The query planner avoids a join against the mods table because we are doing a simple count(distinct m), but beyond that, the query planner cannot do anything but some kind of join followed by a GroupAggregate.
It would be nearly impossible for the query planner to optimize this query into something better without potentially changing the behavior of the query.
And this plan scales so poorly because of the Cartesian explosion that results from one-to-many joins, which is then fed into an expensive grouping operation.
Now, let’s look at the second query’s plan.
QUERY PLAN
-------------------------------------------------------------------------------------------------------------------------------------------------------
Seq Scan on game g (cost=0.00..174064.00 rows=10000 width=55) (actual time=5.750..64.123 rows=10000 loops=1)
SubPlan 1
-> Aggregate (cost=8.51..8.52 rows=1 width=32) (actual time=0.002..0.002 rows=1 loops=10000)
-> Index Scan using developer_game_id_idx on developer d (cost=0.29..8.48 rows=11 width=4) (actual time=0.001..0.001 rows=10 loops=10000)
Index Cond: (game_id = g.id)
SubPlan 2
-> Aggregate (cost=8.86..8.87 rows=1 width=8) (actual time=0.003..0.003 rows=1 loops=10000)
-> Index Scan using mods_game_id_idx on mods m (cost=0.29..8.79 rows=28 width=4) (actual time=0.001..0.002 rows=26 loops=10000)
Index Cond: (game_id = g.id)
Planning Time: 0.456 ms
JIT:
Functions: 18
Options: Inlining false, Optimization false, Expressions true, Deforming true
Timing: Generation 0.427 ms, Inlining 0.000 ms, Optimization 0.272 ms, Emission 5.421 ms, Total 6.120 ms
Execution Time: 85.640 ms
(15 rows)
You can immediately see this query plan is simpler. There are no joins, just a sequence scan on the game table with two aggregate sub-plans that index scan our other two tables. It is extremely simple, which (no surprise), leads to much better performance.
I also think it’s funny that the JIT turned on for this second query and not the first one. Don’t ask me why. I tried turning JIT off and running it again, but that was slightly slower, so the query planner knew what it was doing I guess.

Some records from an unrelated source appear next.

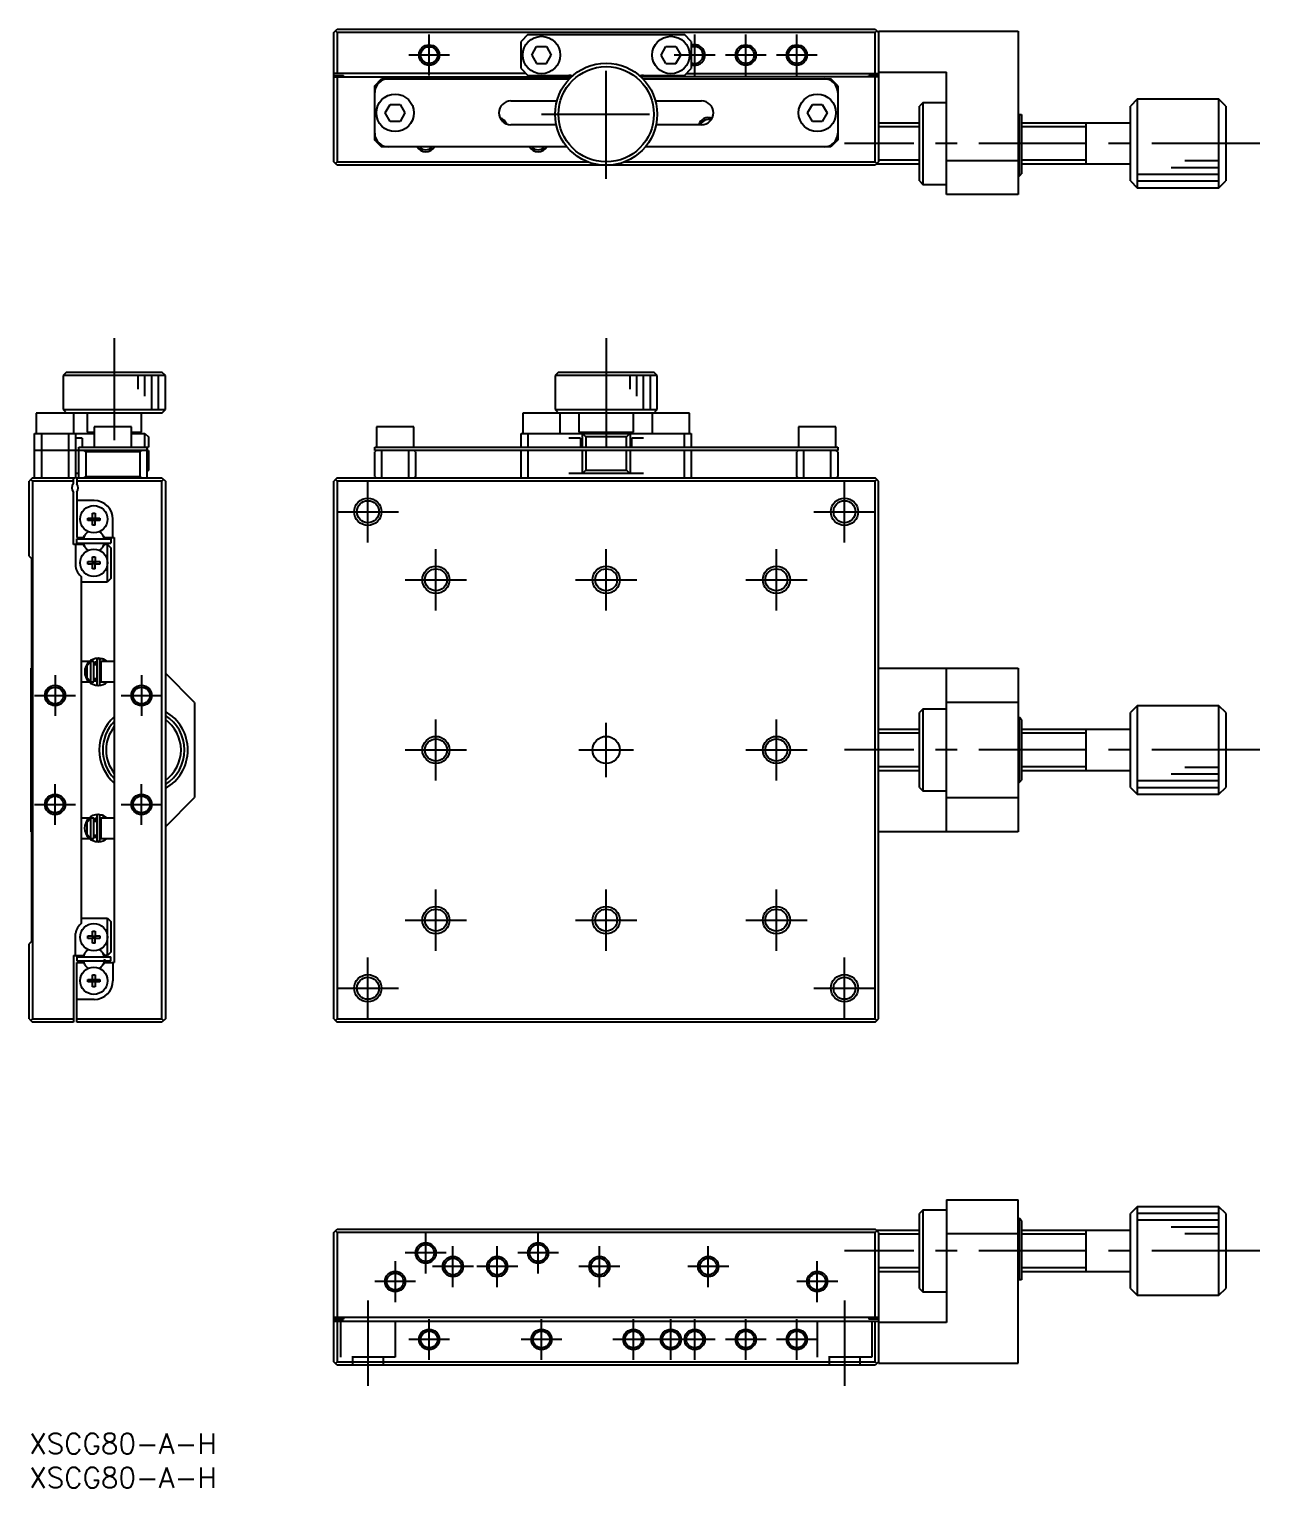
# Model space of a CAD drawing. Extents: x 0 to 374, y -8 to 206.
# Drawn here: x 0 to 180.7, y -8 to 206.3 of the extents above; entities that cross this region are included whole.
import ezdxf

# ---------------------------------------------------------------- set-up
doc = ezdxf.new("R2010")
doc.units = 0
doc.header["$LTSCALE"] = 0.5
doc.linetypes.add('CENTER', pattern=[50.8, 31.75, -6.35, 6.35, -6.35])
doc.linetypes.add('DASHED', pattern=[19.05, 12.7, -6.35])
for name, color, linetype in [('MSM_CENTER', 1, 'CENTER'), ('MSM_CONTINUOUS', 7, 'CONTINUOUS'), ('MSM_DASHED', 4, 'DASHED'), ('MSM_NARROW', 5, 'CONTINUOUS'), ('MSM_PART_NUMBER', 7, 'CONTINUOUS')]:
    doc.layers.add(name, color=color, linetype=linetype)
doc.styles.get("Standard").update_dxf_attribs({"font": 'txt.shx', "height": 3, "bigfont": 'bigfont.shx'})

# ---------------------------------------------------------------- blocks, each defined once
blk = doc.blocks.new('*U2')
at = {"layer": 'MSM_PART_NUMBER'}
blk.add_text('XSCG80-A-H', height=3, dxfattribs=at).set_placement((0, -3))
blk = doc.blocks.new('*U3')
at = {"layer": 'MSM_PART_NUMBER'}
blk.add_text('XSCG80-A-H', height=3, dxfattribs=at).set_placement((0, -8))

msp = doc.modelspace()

# ---------------------------------------------------------------- linework, layer by layer
at = {"layer": 'MSM_CENTER'}
for p, q in [((58.744929, 199.499999), (58.744929, 205.500001)), ((97.744929, 199.499999), (97.744929, 205.500001)), ((105.244929, 199.499999), (105.244929, 205.500001)), ((112.744929, 199.499999), (112.744929, 205.500001)), ((61.744931, 202.5), (55.744928, 202.5)), ((84.744929, 184.3), (84.744929, 203.3)), ((100.744931, 202.5), (94.744928, 202.5)), ((108.244931, 202.5), (102.244928, 202.5)), ((115.744931, 202.5), (109.744928, 202.5)), ((75.244929, 193.8), (94.244929, 193.8)), ((180.744929, 189.5), (119.744929, 189.5)), ((12.5, 160.9), (12.5, 145.9)), ((84.744929, 160.9), (84.744929, 144.9)), ((49.744931, 130.899995), (49.744931, 139.899998)), ((119.744927, 130.899995), (119.744927, 139.899998)), ((45.244929, 135.399998), (54.244931, 135.399998)), ((115.244925, 135.399998), (124.24493, 135.399998)), ((59.744931, 120.899994), (59.744931, 129.899996)), ((84.744929, 120.899994), (84.744929, 129.899996)), ((109.744927, 120.899994), (109.744927, 129.899996)), ((55.244929, 125.399996), (64.244931, 125.399996)), ((80.244927, 125.399996), (89.244929, 125.399996)), ((105.244925, 125.399996), (114.244927, 125.399996)), ((3.8, 111.400001), (3.8, 105.4)), ((16.5, 111.400001), (16.5, 105.4)), ((0.799999, 108.4), (6.800001, 108.4)), ((13.499999, 108.4), (19.500001, 108.4)), ((59.744931, 95.899998), (59.744931, 104.9)), ((84.744929, 96.4), (84.744929, 104.4)), ((109.744927, 95.899998), (109.744927, 104.9)), ((55.244929, 100.4), (64.244931, 100.4)), ((80.744929, 100.4), (88.744929, 100.4)), ((105.244925, 100.4), (114.244927, 100.4)), ((180.744929, 100.4), (119.744929, 100.4)), ((3.799998, 89.400001), (3.8, 95.400002)), ((16.499998, 89.400001), (16.5, 95.400002)), ((0.799998, 92.400002), (6.8, 92.400001)), ((13.499998, 92.400002), (19.5, 92.400001)), ((59.744931, 70.9), (59.744931, 79.900002)), ((84.744929, 70.9), (84.744929, 79.900002)), ((109.744927, 70.9), (109.744927, 79.900002)), ((55.244929, 75.400002), (64.244931, 75.400002)), ((80.244927, 75.400002), (89.244929, 75.400002)), ((105.244925, 75.400002), (114.244927, 75.400002)), ((49.744931, 60.899994), (49.744931, 69.899996)), ((119.744927, 60.899994), (119.744927, 69.899996)), ((45.244929, 65.399996), (54.244931, 65.399996)), ((115.244925, 65.399996), (124.24493, 65.399996)), ((58.244929, 23.499999), (58.244929, 29.500001)), ((74.744929, 23.499999), (74.744929, 29.500001)), ((61.244931, 26.5), (55.244928, 26.5)), ((62.244929, 21.499999), (62.244929, 27.500001)), ((68.744929, 21.499999), (68.744929, 27.500001)), ((77.744931, 26.5), (71.744928, 26.5)), ((83.744929, 21.499999), (83.744929, 27.500001)), ((99.744929, 21.499999), (99.744929, 27.500001)), ((180.744929, 26.8), (119.744929, 26.8)), ((53.744929, 25.3), (53.744929, 19.300001)), ((65.244931, 24.5), (59.244928, 24.5)), ((71.744931, 24.5), (65.744928, 24.5)), ((86.744931, 24.5), (80.744928, 24.5)), ((102.744931, 24.5), (96.744928, 24.5)), ((115.744929, 19.299999), (115.744929, 25.300001)), ((56.744928, 22.3), (50.744929, 22.3)), ((118.744931, 22.3), (112.744928, 22.3)), ((49.744929, 19.5), (49.744929, 7)), ((119.744929, 19.5), (119.744929, 7)), ((58.744929, 10.799999), (58.744929, 16.800001)), ((75.244929, 10.799999), (75.244929, 16.800001)), ((88.744929, 10.799999), (88.744929, 16.800001)), ((94.244929, 10.799999), (94.244929, 16.800001)), ((97.744929, 10.799999), (97.744929, 16.800001)), ((105.244929, 10.799999), (105.244929, 16.800001)), ((112.744929, 10.799999), (112.744929, 16.800001)), ((61.744931, 13.8), (55.744928, 13.8)), ((78.244931, 13.8), (72.244928, 13.8)), ((100.744931, 13.8), (85.744928, 13.8)), ((108.244931, 13.8), (102.244928, 13.8)), ((115.744931, 13.8), (109.744928, 13.8))]:
    msp.add_line(p, q, dxfattribs=at)
at = {"layer": 'MSM_CONTINUOUS'}
for p, q in [((44.744929, 205.8), (45.244929, 206.3)), ((44.744929, 186.8), (44.744929, 205.8)), ((45.244929, 205.8), (44.994929, 206.05)), ((45.244929, 206.3), (124.244929, 206.3)), ((45.244929, 205.8), (45.244929, 199.8)), ((124.244929, 205.8), (45.244929, 205.8)), ((124.244929, 206.3), (124.744929, 205.8)), ((124.494929, 206.05), (124.244929, 205.8)), ((124.244929, 199.8), (124.244929, 205.8)), ((124.744929, 206), (145.244929, 206)), ((124.744929, 206), (124.744929, 186.8)), ((145.244929, 206), (145.244929, 182)), ((73.244929, 205.5), (72.244929, 204.5)), ((72.244929, 200.5), (72.244929, 204.5)), ((73.244929, 205.5), (96.244929, 205.5)), ((73.801554, 202.5), (74.523242, 203.75)), ((74.523242, 203.75), (75.966617, 203.75)), ((75.966617, 203.75), (76.688305, 202.5)), ((92.801554, 202.5), (93.523242, 203.75)), ((93.523242, 203.75), (94.966617, 203.75)), ((94.966617, 203.75), (95.688305, 202.5)), ((97.244929, 204.5), (96.244929, 205.5)), ((97.244929, 204.5), (97.244929, 200.5)), ((73.801554, 202.5), (74.523242, 201.25)), ((75.966617, 201.25), (76.688305, 202.5)), ((93.523242, 201.25), (92.801554, 202.5)), ((94.966617, 201.25), (95.688305, 202.5)), ((72.944929, 199.8), (44.744929, 199.8)), ((44.744929, 199.5), (46.144929, 199.5)), ((44.744929, 199.3), (79.64591, 199.3)), ((45.244929, 199.3), (45.244929, 186.8)), ((46.144929, 199.3), (46.144929, 199.5)), ((72.244929, 200.5), (73.244929, 199.5)), ((73.244929, 199.5), (79.244929, 199.5)), ((74.523242, 201.25), (75.966617, 201.25)), ((124.744929, 199.3), (89.843949, 199.3)), ((90.244929, 199.5), (96.244929, 199.5)), ((93.523242, 201.25), (94.966617, 201.25)), ((96.244929, 199.5), (97.244929, 200.5)), ((96.544929, 199.8), (124.744929, 199.8)), ((124.744929, 199.5), (123.344929, 199.5)), ((123.344929, 199.3), (123.344929, 199.5)), ((124.244929, 186.8), (124.244929, 199.3)), ((124.744929, 200), (134.744929, 200)), ((134.744929, 182), (134.744929, 200)), ((50.744929, 198), (51.744929, 199)), ((50.744929, 190), (50.744929, 198)), ((50.944929, 198.2), (50.944929, 197.87178)), ((51.744929, 199), (79.340302, 199)), ((90.149557, 199), (117.744929, 199)), ((118.744929, 198), (117.744929, 199)), ((118.544929, 197.87178), (118.544929, 198.2)), ((118.744929, 198), (118.744929, 190)), ((52.301554, 194), (53.023242, 195.25)), ((53.023242, 195.25), (54.466617, 195.25)), ((54.466617, 195.25), (55.188305, 194)), ((70.744929, 195.75), (77.502865, 195.75)), ((91.986994, 195.75), (98.744929, 195.75)), ((114.301554, 194), (115.023242, 195.25)), ((115.023242, 195.25), (116.466617, 195.25)), ((116.466617, 195.25), (117.188305, 194)), ((131.244929, 195.5), (130.744929, 195)), ((131.244929, 195.5), (131.244929, 183.5)), ((134.744929, 195.5), (131.244929, 195.5)), ((162.744929, 196), (161.744929, 195)), ((162.744929, 196), (162.744929, 183)), ((174.744929, 196), (162.744929, 196)), ((174.744929, 183), (174.744929, 196)), ((175.744929, 195), (174.744929, 196)), ((53.023242, 192.75), (52.301554, 194)), ((55.188305, 194), (54.466617, 192.75)), ((115.023242, 192.75), (114.301554, 194)), ((117.188305, 194), (116.466617, 192.75)), ((130.744929, 184), (130.744929, 195)), ((145.244929, 193.75), (145.744929, 193.75)), ((145.444929, 184.75), (145.444929, 193.75)), ((145.744929, 193.75), (145.744929, 185.05)), ((161.744929, 184), (161.744929, 195)), ((175.744929, 195), (175.744929, 184)), ((54.466617, 192.75), (53.023242, 192.75)), ((77.406844, 192.25), (70.744929, 192.25)), ((98.744929, 192.25), (92.083015, 192.25)), ((116.466617, 192.75), (115.023242, 192.75)), ((130.744929, 192.5), (124.744929, 192.5)), ((161.744929, 192.5), (145.744929, 192.5)), ((155.244929, 186.499995), (155.244929, 192.500005)), ((50.944929, 189.8), (50.744929, 190)), ((50.944929, 190.12822), (50.944929, 189.8)), ((50.944929, 189.8), (51.744929, 189)), ((78.982118, 189), (51.744929, 189)), ((117.744929, 189), (90.507741, 189)), ((118.544929, 189.8), (117.744929, 189)), ((118.544929, 189.8), (118.544929, 190.12822)), ((118.544929, 189.8), (118.744929, 190)), ((45.244929, 186.3), (44.744929, 186.8)), ((45.244929, 186.8), (44.994929, 186.55)), ((45.244929, 186.8), (82.052347, 186.8)), ((87.437512, 186.8), (124.244929, 186.8)), ((124.494929, 186.55), (124.244929, 186.8)), ((124.744929, 186.8), (124.244929, 186.3)), ((124.444929, 186.5), (130.744929, 186.5)), ((134.744929, 187), (145.244929, 187)), ((145.744929, 186.5), (161.744929, 186.5)), ((124.244929, 186.3), (45.244929, 186.3)), ((145.244929, 184.75), (145.444929, 184.75)), ((145.444929, 184.75), (145.744929, 185.05)), ((130.744929, 184), (131.244929, 183.5)), ((131.244929, 183.5), (134.744929, 183.5)), ((161.744929, 184), (162.744929, 183)), ((162.744929, 183), (174.744929, 183)), ((174.744929, 183), (175.744929, 184)), ((145.244929, 182), (134.744929, 182)), ((5.5, 155.9), (5, 155.4)), ((20, 155.4), (5, 155.4)), ((5, 155.4), (5, 150.4)), ((5.5, 155.9), (19.5, 155.9)), ((20, 155.4), (19.5, 155.9)), ((20, 150.4), (20, 155.4)), ((77.744929, 155.9), (77.244929, 155.4)), ((92.244929, 155.4), (77.244929, 155.4)), ((77.244929, 155.4), (77.244929, 150.4)), ((77.744929, 155.9), (91.744929, 155.9)), ((92.244929, 155.4), (91.744929, 155.9)), ((92.244929, 150.4), (92.244929, 155.4)), ((5, 150.4), (20, 150.4)), ((5, 150.4), (5.5, 149.9)), ((19.5, 149.9), (20, 150.4)), ((77.244929, 150.4), (92.244929, 150.4)), ((77.244929, 150.4), (77.744929, 149.9)), ((91.744929, 149.9), (92.244929, 150.4)), ((19.5, 149.9), (1.05, 149.9)), ((1.05, 149.9), (1.05, 146.9)), ((6.55, 146.9), (6.55, 149.9)), ((8.5, 149.9), (8.5, 147.1)), ((15.05, 147.9), (9.55, 147.9)), ((9.55, 147.9), (9.55, 144.9)), ((15.05, 144.9), (15.05, 147.9)), ((16.5, 147.1), (16.5, 149.9)), ((56.494929, 147.9), (50.994929, 147.9)), ((50.994929, 147.9), (50.994929, 144.9)), ((56.494929, 144.9), (56.494929, 147.9)), ((96.994929, 149.9), (72.494929, 149.9)), ((72.494929, 149.9), (72.494929, 146.9)), ((77.994929, 146.9), (77.994929, 149.9)), ((80.744929, 149.9), (80.744929, 147.1)), ((88.744929, 147.1), (88.744929, 149.9)), ((91.494929, 149.9), (91.494929, 146.9)), ((96.994929, 146.9), (96.994929, 149.9)), ((118.494929, 147.9), (112.994929, 147.9)), ((112.994929, 147.9), (112.994929, 144.9)), ((118.494929, 144.9), (118.494929, 147.9)), ((0.8, 146.9), (9.55, 146.9)), ((0.8, 140.4), (0.8, 146.9)), ((1.8, 146.9), (1.8, 140.4)), ((5.8, 140.4), (5.8, 146.9)), ((6.8, 146.9), (6.8, 140.4)), ((7.8, 146.2), (6.8, 146.2)), ((7.8, 146.2), (7.8, 144.9)), ((8.5, 147.1), (9.55, 147.1)), ((8.5, 147.1), (8.7, 146.9)), ((15.05, 147.1), (16.5, 147.1)), ((15.05, 146.9), (17, 146.9)), ((16.3, 146.9), (16.5, 147.1)), ((17, 144.9), (17, 146.9)), ((17, 146.9), (17.5, 146.4)), ((17.5, 146.4), (17.5, 144.9)), ((72.244929, 144.9), (72.244929, 146.9)), ((72.244929, 146.9), (97.244929, 146.9)), ((73.244929, 146.9), (73.244929, 144.9)), ((80.97698, 146.2), (79.244929, 146.2)), ((80.744929, 147.1), (88.744929, 147.1)), ((80.744929, 147.1), (80.944929, 146.9)), ((80.97698, 146.2), (80.97698, 144.9)), ((81.244929, 146.9), (81.744929, 146.4)), ((81.244929, 144.9), (81.244929, 146.9)), ((81.744929, 146.4), (81.744929, 144.9)), ((87.744929, 146.4), (81.744929, 146.4)), ((88.244929, 146.9), (87.744929, 146.4)), ((87.744929, 144.9), (87.744929, 146.4)), ((88.244929, 146.9), (88.244929, 144.9)), ((90.244929, 146.2), (88.512879, 146.2)), ((88.512879, 144.9), (88.512879, 146.2)), ((88.544929, 146.9), (88.744929, 147.1)), ((96.244929, 144.9), (96.244929, 146.9)), ((97.244929, 146.9), (97.244929, 144.9)), ((17.5, 144.4), (0.8, 144.4)), ((7.3, 140.4), (7.3, 144.9)), ((7.3, 144.9), (17.5, 144.9)), ((8.3, 144.2), (8.1, 144.4)), ((16.3, 144.2), (8.3, 144.2)), ((8.3, 144.2), (8.3, 140.6)), ((16.5, 144.4), (16.3, 144.2)), ((16.3, 140.6), (16.3, 144.2)), ((17.3, 144.9), (17.3, 140.4)), ((17.5, 144.4), (17.5, 141.5)), ((50.744929, 144.4), (50.744929, 144.9)), ((50.744929, 144.9), (118.744929, 144.9)), ((50.944929, 144.4), (50.744929, 144.2)), ((118.744929, 144.4), (50.744929, 144.4)), ((50.744929, 140.6), (50.744929, 144.2)), ((51.744929, 144.4), (51.744929, 140.4)), ((55.744929, 140.4), (55.744929, 144.4)), ((56.744929, 144.2), (56.544929, 144.4)), ((56.744929, 144.2), (56.744929, 140.6)), ((72.244929, 140.4), (72.244929, 144.4)), ((73.244929, 144.4), (73.244929, 140.4)), ((81.244929, 141), (81.244929, 144.4)), ((81.744929, 144.4), (81.744929, 141.5)), ((87.744929, 141.5), (87.744929, 144.4)), ((88.244929, 144.4), (88.244929, 141)), ((96.244929, 140.4), (96.244929, 144.4)), ((97.244929, 144.4), (97.244929, 140.4)), ((112.944929, 144.4), (112.744929, 144.2)), ((112.744929, 140.6), (112.744929, 144.2)), ((113.744929, 144.4), (113.744929, 140.4)), ((117.744929, 140.4), (117.744929, 144.4)), ((118.744929, 144.2), (118.544929, 144.4)), ((118.744929, 144.9), (118.744929, 144.4)), ((118.744929, 144.2), (118.744929, 140.6)), ((17.5, 141.5), (17.3, 141.3)), ((81.744929, 141.5), (81.244929, 141)), ((81.744929, 141.5), (87.744929, 141.5)), ((87.744929, 141.5), (88.244929, 141)), ((0.5, 140.4), (0, 139.9)), ((0, 128.9), (0, 139.9)), ((0.5, 139.9), (0.25, 140.15)), ((0.5, 140.4), (6.8, 140.4)), ((0.5, 139.9), (0.5, 60.9)), ((6.5, 139.9), (0.5, 139.9)), ((6.5, 139.561438), (6.5, 140.4)), ((7.3, 141), (6.8, 141)), ((7, 140.4), (19.5, 140.4)), ((7, 140.4), (7, 139.5)), ((19.5, 139.9), (7, 139.9)), ((8.1, 140.4), (8.3, 140.6)), ((8.3, 140.6), (16.3, 140.6)), ((16.3, 140.6), (16.5, 140.4)), ((19.5, 140.4), (20, 139.9)), ((19.75, 140.15), (19.5, 139.9)), ((19.5, 60.9), (19.5, 139.9)), ((20, 139.9), (20, 60.9)), ((45.244929, 140.4), (44.744929, 139.9)), ((44.744929, 60.9), (44.744929, 139.9)), ((45.244929, 139.9), (44.994929, 140.15)), ((45.244929, 140.4), (124.244929, 140.4)), ((45.244929, 139.9), (45.244929, 60.9)), ((124.244929, 139.9), (45.244929, 139.9)), ((50.744929, 140.6), (50.944929, 140.4)), ((56.744929, 140.6), (56.544929, 140.4)), ((90.244929, 141), (79.244929, 141)), ((112.944929, 140.4), (112.744929, 140.6)), ((118.744929, 140.6), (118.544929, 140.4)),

So to summarize, try to avoid one-to-many joins as much as possible. If you can query data in a sub-query, generally that will result in better performance. Maybe this is completely obvious advice to everyone else, but I wanted to write it down in case anyone else defaults to using joins when they don’t need to like I do.
I am working on a new process for writing my queries. It’s still rough, but it goes something like this:
- Identify what each row represents, and use that to pick your base table and your set of inner joins:
- Is a row a class, a game, a person?
- Or is it a combination of things? In this case, use inner joins.
- Add all basic columns that you are directly pulling from tables to your select clause.
- Add sub-queries to pull correlated data with a different cardinality from your rows.
- If your rows represent people and you need each person’s phone numbers concatenated together in a single column, use a sub-query!
- If you need to join against tables with a different cardinality and use their columns in your where clause, your order by clause, or something similar:
- Read about
LATERALSubqueries and consider if you can use them. - If all else fails, try using a normal join and adding a group by clause.